Wilmington, Massachusetts-based Micro Medical set up its study to evaluate MicroStent’s safety and effectiveness. The study pits the stent against the current standard of care, percutaneous transluminal angioplasty (PTA).
MicroStent, a vascular stent, was designed to achieve and maintain tibioperoneal arterial patency. Micro Medical aims for it to improve blood flow and wound-healing for below-the-knee (BTK) amputation reduction in patients with critical limb ischemia (CLI) resulting from progressive peripheral artery disease (PAD). MicroStent currently holds CE mark approval but remains investigational in the U.S.
STAND, a trial led by Dr. Robert E. Beasley of Palm Vascular Centers in Miami Beach, Florida, enrolled its final patient earlier this month.

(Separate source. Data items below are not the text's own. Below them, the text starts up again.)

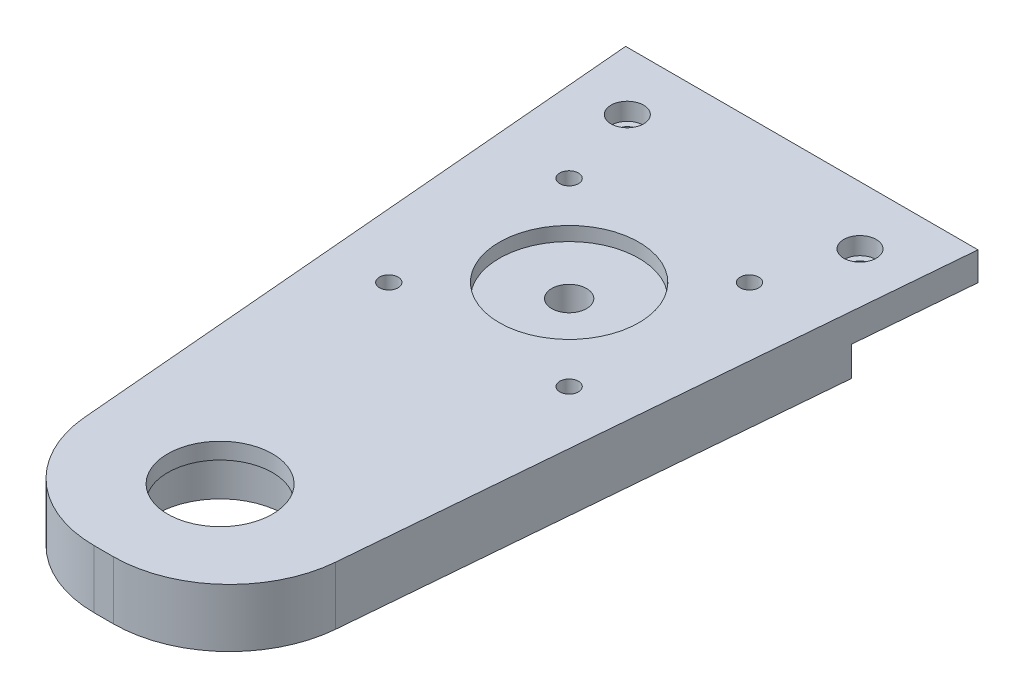
ISO-10303-21;
HEADER;
FILE_DESCRIPTION(('STEP AP214'),'2;1');
FILE_NAME('part.step','',(''),(''),'','','');
FILE_SCHEMA(('AUTOMOTIVE_DESIGN { 1 0 10303 214 1 1 1 1 }'));
ENDSEC;
DATA;
#1=APPLICATION_CONTEXT('core data for automotive mechanical design processes');
#2=APPLICATION_PROTOCOL_DEFINITION('international standard','automotive_design',2000,#1);
#3=PRODUCT_CONTEXT('',#1,'mechanical');
#4=PRODUCT('Part','Part','',(#3));
#5=PRODUCT_RELATED_PRODUCT_CATEGORY('part','',(#4));
#6=PRODUCT_DEFINITION_FORMATION('','',#4);
#7=PRODUCT_DEFINITION_CONTEXT('part definition',#1,'design');
#8=PRODUCT_DEFINITION('design','',#6,#7);
#9=PRODUCT_DEFINITION_SHAPE('','',#8);
#10=(LENGTH_UNIT() NAMED_UNIT(*) SI_UNIT(.MILLI.,.METRE.));
#11=(NAMED_UNIT(*) PLANE_ANGLE_UNIT() SI_UNIT($,.RADIAN.));
#12=(NAMED_UNIT(*) SI_UNIT($,.STERADIAN.) SOLID_ANGLE_UNIT());
#13=UNCERTAINTY_MEASURE_WITH_UNIT(LENGTH_MEASURE(1.E-05),#10,'distance_accuracy_value','');
#14=(GEOMETRIC_REPRESENTATION_CONTEXT(3) GLOBAL_UNCERTAINTY_ASSIGNED_CONTEXT((#13)) GLOBAL_UNIT_ASSIGNED_CONTEXT((#10,
#11,#12)) REPRESENTATION_CONTEXT('',''));
#15=CARTESIAN_POINT('',(0.,0.,0.));
#16=DIRECTION('',(0.,0.,1.));
#17=DIRECTION('',(1.,0.,0.));
#18=AXIS2_PLACEMENT_3D('',#15,#16,#17);
#19=CARTESIAN_POINT('',(-20.,10.2,240.));
#20=DIRECTION('',(0.,-1.,0.));
#21=DIRECTION('',(0.,0.,-1.));
#22=AXIS2_PLACEMENT_3D('',#19,#20,#21);
#23=CYLINDRICAL_SURFACE('',#22,1.69999999999998);
#24=CARTESIAN_POINT('',(-20.,5.1,240.));
#25=DIRECTION('',(0.,-1.,0.));
#26=DIRECTION('',(0.,0.,1.));
#27=AXIS2_PLACEMENT_3D('',#24,#25,#26);
#28=CIRCLE('',#27,1.69999999999998);
#29=CARTESIAN_POINT('',(-20.,5.1,241.7));
#30=VERTEX_POINT('',#29);
#31=EDGE_CURVE('E359',#30,#30,#28,.T.);
#32=ORIENTED_EDGE('',*,*,#31,.T.);
#33=EDGE_LOOP('',(#32));
#34=FACE_BOUND('',#33,.T.);
#35=CARTESIAN_POINT('',(-20.,7.,240.));
#36=DIRECTION('',(0.,1.,0.));
#37=DIRECTION('',(0.,0.,1.));
#38=AXIS2_PLACEMENT_3D('',#35,#36,#37);
#39=CIRCLE('',#38,1.69999999999998);
#40=CARTESIAN_POINT('',(-20.,7.,241.7));
#41=VERTEX_POINT('',#40);
#42=EDGE_CURVE('E183',#41,#41,#39,.F.);
#43=ORIENTED_EDGE('',*,*,#42,.F.);
#44=EDGE_LOOP('',(#43));
#45=FACE_BOUND('',#44,.T.);
#46=ADVANCED_FACE('F39',(#34,#45),#23,.F.);
#47=CARTESIAN_POINT('',(20.,10.2,240.));
#48=DIRECTION('',(0.,-1.,0.));
#49=DIRECTION('',(0.,0.,-1.));
#50=AXIS2_PLACEMENT_3D('',#47,#48,#49);
#51=CYLINDRICAL_SURFACE('',#50,1.7);
#52=CARTESIAN_POINT('',(20.,5.1,240.));
#53=DIRECTION('',(0.,-1.,0.));
#54=DIRECTION('',(0.,0.,-1.));
#55=AXIS2_PLACEMENT_3D('',#52,#53,#54);
#56=CIRCLE('',#55,1.7);
#57=CARTESIAN_POINT('',(20.,5.1,238.3));
#58=VERTEX_POINT('',#57);
#59=EDGE_CURVE('E136',#58,#58,#56,.T.);
#60=ORIENTED_EDGE('',*,*,#59,.T.);
#61=EDGE_LOOP('',(#60));
#62=FACE_BOUND('',#61,.T.);
#63=CARTESIAN_POINT('',(20.,7.,240.));
#64=DIRECTION('',(0.,1.,0.));
#65=DIRECTION('',(0.,0.,1.));
#66=AXIS2_PLACEMENT_3D('',#63,#64,#65);
#67=CIRCLE('',#66,1.7);
#68=CARTESIAN_POINT('',(20.,7.,241.7));
#69=VERTEX_POINT('',#68);
#70=EDGE_CURVE('E180',#69,#69,#67,.F.);
#71=ORIENTED_EDGE('',*,*,#70,.F.);
#72=EDGE_LOOP('',(#71));
#73=FACE_BOUND('',#72,.T.);
#74=ADVANCED_FACE('F231',(#62,#73),#51,.F.);
#75=CARTESIAN_POINT('',(0.,11.,270.));
#76=DIRECTION('',(0.,-1.,0.));
#77=DIRECTION('',(0.,0.,-1.));
#78=AXIS2_PLACEMENT_3D('',#75,#76,#77);
#79=CYLINDRICAL_SURFACE('',#78,3.);
#80=CARTESIAN_POINT('',(0.,0.,270.));
#81=DIRECTION('',(0.,-1.,0.));
#82=DIRECTION('',(0.,0.,-1.));
#83=AXIS2_PLACEMENT_3D('',#80,#81,#82);
#84=CIRCLE('',#83,3.);
#85=CARTESIAN_POINT('',(0.,0.,267.));
#86=VERTEX_POINT('',#85);
#87=EDGE_CURVE('E372',#86,#86,#84,.T.);
#88=ORIENTED_EDGE('',*,*,#87,.T.);
#89=EDGE_LOOP('',(#88));
#90=FACE_BOUND('',#89,.T.);
#91=CARTESIAN_POINT('',(0.,7.6,270.));
#92=DIRECTION('',(0.,1.,0.));
#93=DIRECTION('',(0.,0.,1.));
#94=AXIS2_PLACEMENT_3D('',#91,#92,#93);
#95=CIRCLE('',#94,3.);
#96=CARTESIAN_POINT('',(0.,7.6,273.));
#97=VERTEX_POINT('',#96);
#98=EDGE_CURVE('E175',#97,#97,#95,.F.);
#99=ORIENTED_EDGE('',*,*,#98,.F.);
#100=EDGE_LOOP('',(#99));
#101=FACE_BOUND('',#100,.T.);
#102=ADVANCED_FACE('F238',(#90,#101),#79,.F.);
#103=CARTESIAN_POINT('',(15.5000000000001,-2.,254.5));
#104=DIRECTION('',(0.,1.,0.));
#105=DIRECTION('',(0.,0.,1.));
#106=AXIS2_PLACEMENT_3D('',#103,#104,#105);
#107=CYLINDRICAL_SURFACE('',#106,1.6);
#108=CARTESIAN_POINT('',(15.5000000000001,10.,254.5));
#109=DIRECTION('',(0.,1.,0.));
#110=DIRECTION('',(0.,0.,1.));
#111=AXIS2_PLACEMENT_3D('',#108,#109,#110);
#112=CIRCLE('',#111,1.6);
#113=CARTESIAN_POINT('',(15.5000000000001,10.,256.1));
#114=VERTEX_POINT('',#113);
#115=EDGE_CURVE('E375',#114,#114,#112,.T.);
#116=ORIENTED_EDGE('',*,*,#115,.T.);
#117=EDGE_LOOP('',(#116));
#118=FACE_BOUND('',#117,.T.);
#119=CARTESIAN_POINT('',(15.5000000000001,3.5,254.5));
#120=DIRECTION('',(0.,-1.,0.));
#121=DIRECTION('',(0.,0.,-1.));
#122=AXIS2_PLACEMENT_3D('',#119,#120,#121);
#123=CIRCLE('',#122,1.6);
#124=CARTESIAN_POINT('',(15.5000000000001,3.5,252.9));
#125=VERTEX_POINT('',#124);
#126=EDGE_CURVE('E171',#125,#125,#123,.F.);
#127=ORIENTED_EDGE('',*,*,#126,.F.);
#128=EDGE_LOOP('',(#127));
#129=FACE_BOUND('',#128,.T.);
#130=ADVANCED_FACE('F326',(#118,#129),#107,.F.);
#131=CARTESIAN_POINT('',(-15.5,-2.,254.5));
#132=DIRECTION('',(0.,1.,0.));
#133=DIRECTION('',(0.,0.,1.));
#134=AXIS2_PLACEMENT_3D('',#131,#132,#133);
#135=CYLINDRICAL_SURFACE('',#134,1.6);
#136=CARTESIAN_POINT('',(-15.5,10.,254.5));
#137=DIRECTION('',(0.,1.,0.));
#138=DIRECTION('',(0.,0.,1.));
#139=AXIS2_PLACEMENT_3D('',#136,#137,#138);
#140=CIRCLE('',#139,1.6);
#141=CARTESIAN_POINT('',(-15.5,10.,256.1));
#142=VERTEX_POINT('',#141);
#143=EDGE_CURVE('E378',#142,#142,#140,.T.);
#144=ORIENTED_EDGE('',*,*,#143,.T.);
#145=EDGE_LOOP('',(#144));
#146=FACE_BOUND('',#145,.T.);
#147=CARTESIAN_POINT('',(-15.5,3.5,254.5));
#148=DIRECTION('',(0.,-1.,0.));
#149=DIRECTION('',(0.,0.,-1.));
#150=AXIS2_PLACEMENT_3D('',#147,#148,#149);
#151=CIRCLE('',#150,1.6);
#152=CARTESIAN_POINT('',(-15.5,3.5,252.9));
#153=VERTEX_POINT('',#152);
#154=EDGE_CURVE('E167',#153,#153,#151,.F.);
#155=ORIENTED_EDGE('',*,*,#154,.F.);
#156=EDGE_LOOP('',(#155));
#157=FACE_BOUND('',#156,.T.);
#158=ADVANCED_FACE('F322',(#146,#157),#135,.F.);
#159=CARTESIAN_POINT('',(-15.4999999999997,-2.,285.5));
#160=DIRECTION('',(0.,1.,0.));
#161=DIRECTION('',(0.,0.,1.));
#162=AXIS2_PLACEMENT_3D('',#159,#160,#161);
#163=CYLINDRICAL_SURFACE('',#162,1.6);
#164=CARTESIAN_POINT('',(-15.4999999999997,10.,285.5));
#165=DIRECTION('',(0.,1.,0.));
#166=DIRECTION('',(0.,0.,1.));
#167=AXIS2_PLACEMENT_3D('',#164,#165,#166);
#168=CIRCLE('',#167,1.6);
#169=CARTESIAN_POINT('',(-15.4999999999997,10.,287.1));
#170=VERTEX_POINT('',#169);
#171=EDGE_CURVE('E381',#170,#170,#168,.T.);
#172=ORIENTED_EDGE('',*,*,#171,.T.);
#173=EDGE_LOOP('',(#172));
#174=FACE_BOUND('',#173,.T.);
#175=CARTESIAN_POINT('',(-15.4999999999997,3.5,285.5));
#176=DIRECTION('',(0.,-1.,0.));
#177=DIRECTION('',(0.,0.,-1.));
#178=AXIS2_PLACEMENT_3D('',#175,#176,#177);
#179=CIRCLE('',#178,1.59999999999999);
#180=CARTESIAN_POINT('',(-15.4999999999997,3.5,283.9));
#181=VERTEX_POINT('',#180);
#182=EDGE_CURVE('E389',#181,#181,#179,.T.);
#183=ORIENTED_EDGE('',*,*,#182,.T.);
#184=EDGE_LOOP('',(#183));
#185=FACE_BOUND('',#184,.T.);
#186=ADVANCED_FACE('F325',(#174,#185),#163,.F.);
#187=CARTESIAN_POINT('',(15.5000000000003,-2.,285.5));
#188=DIRECTION('',(0.,1.,0.));
#189=DIRECTION('',(0.,0.,1.));
#190=AXIS2_PLACEMENT_3D('',#187,#188,#189);
#191=CYLINDRICAL_SURFACE('',#190,1.6);
#192=CARTESIAN_POINT('',(15.5000000000003,10.,285.5));
#193=DIRECTION('',(0.,1.,0.));
#194=DIRECTION('',(0.,0.,1.));
#195=AXIS2_PLACEMENT_3D('',#192,#193,#194);
#196=CIRCLE('',#195,1.6);
#197=CARTESIAN_POINT('',(15.5000000000003,10.,287.1));
#198=VERTEX_POINT('',#197);
#199=EDGE_CURVE('E174',#198,#198,#196,.T.);
#200=ORIENTED_EDGE('',*,*,#199,.T.);
#201=EDGE_LOOP('',(#200));
#202=FACE_BOUND('',#201,.T.);
#203=CARTESIAN_POINT('',(15.5000000000003,3.5,285.5));
#204=DIRECTION('',(0.,-1.,0.));
#205=DIRECTION('',(0.,0.,-1.));
#206=AXIS2_PLACEMENT_3D('',#203,#204,#205);
#207=CIRCLE('',#206,1.6);
#208=CARTESIAN_POINT('',(15.5000000000003,3.5,283.9));
#209=VERTEX_POINT('',#208);
#210=EDGE_CURVE('E164',#209,#209,#207,.F.);
#211=ORIENTED_EDGE('',*,*,#210,.F.);
#212=EDGE_LOOP('',(#211));
#213=FACE_BOUND('',#212,.T.);
#214=ADVANCED_FACE('F330',(#202,#213),#191,.F.);
#215=CARTESIAN_POINT('',(0.,0.,0.));
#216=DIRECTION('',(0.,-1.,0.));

Micro Medical VP of Clinical Affairs Rita Jacob said the company is excited to see the data unfold in the study. Jacob listed the aim as demonstrating a lower amputation rate. This would lower the “devastating mortality rate associated with limb loss.”
“This is an encouraging step forward for MMS, millions of patients battling CLI every day and clinicians treating and caring for these patients,” said Micro Medical CEO Gregory Sullivan. “MMS developed the MicroStent platform in response to patients’ needs, and we are excited to move closer to putting MicroStent in the hands of U.S. interventionalists treating CLI.”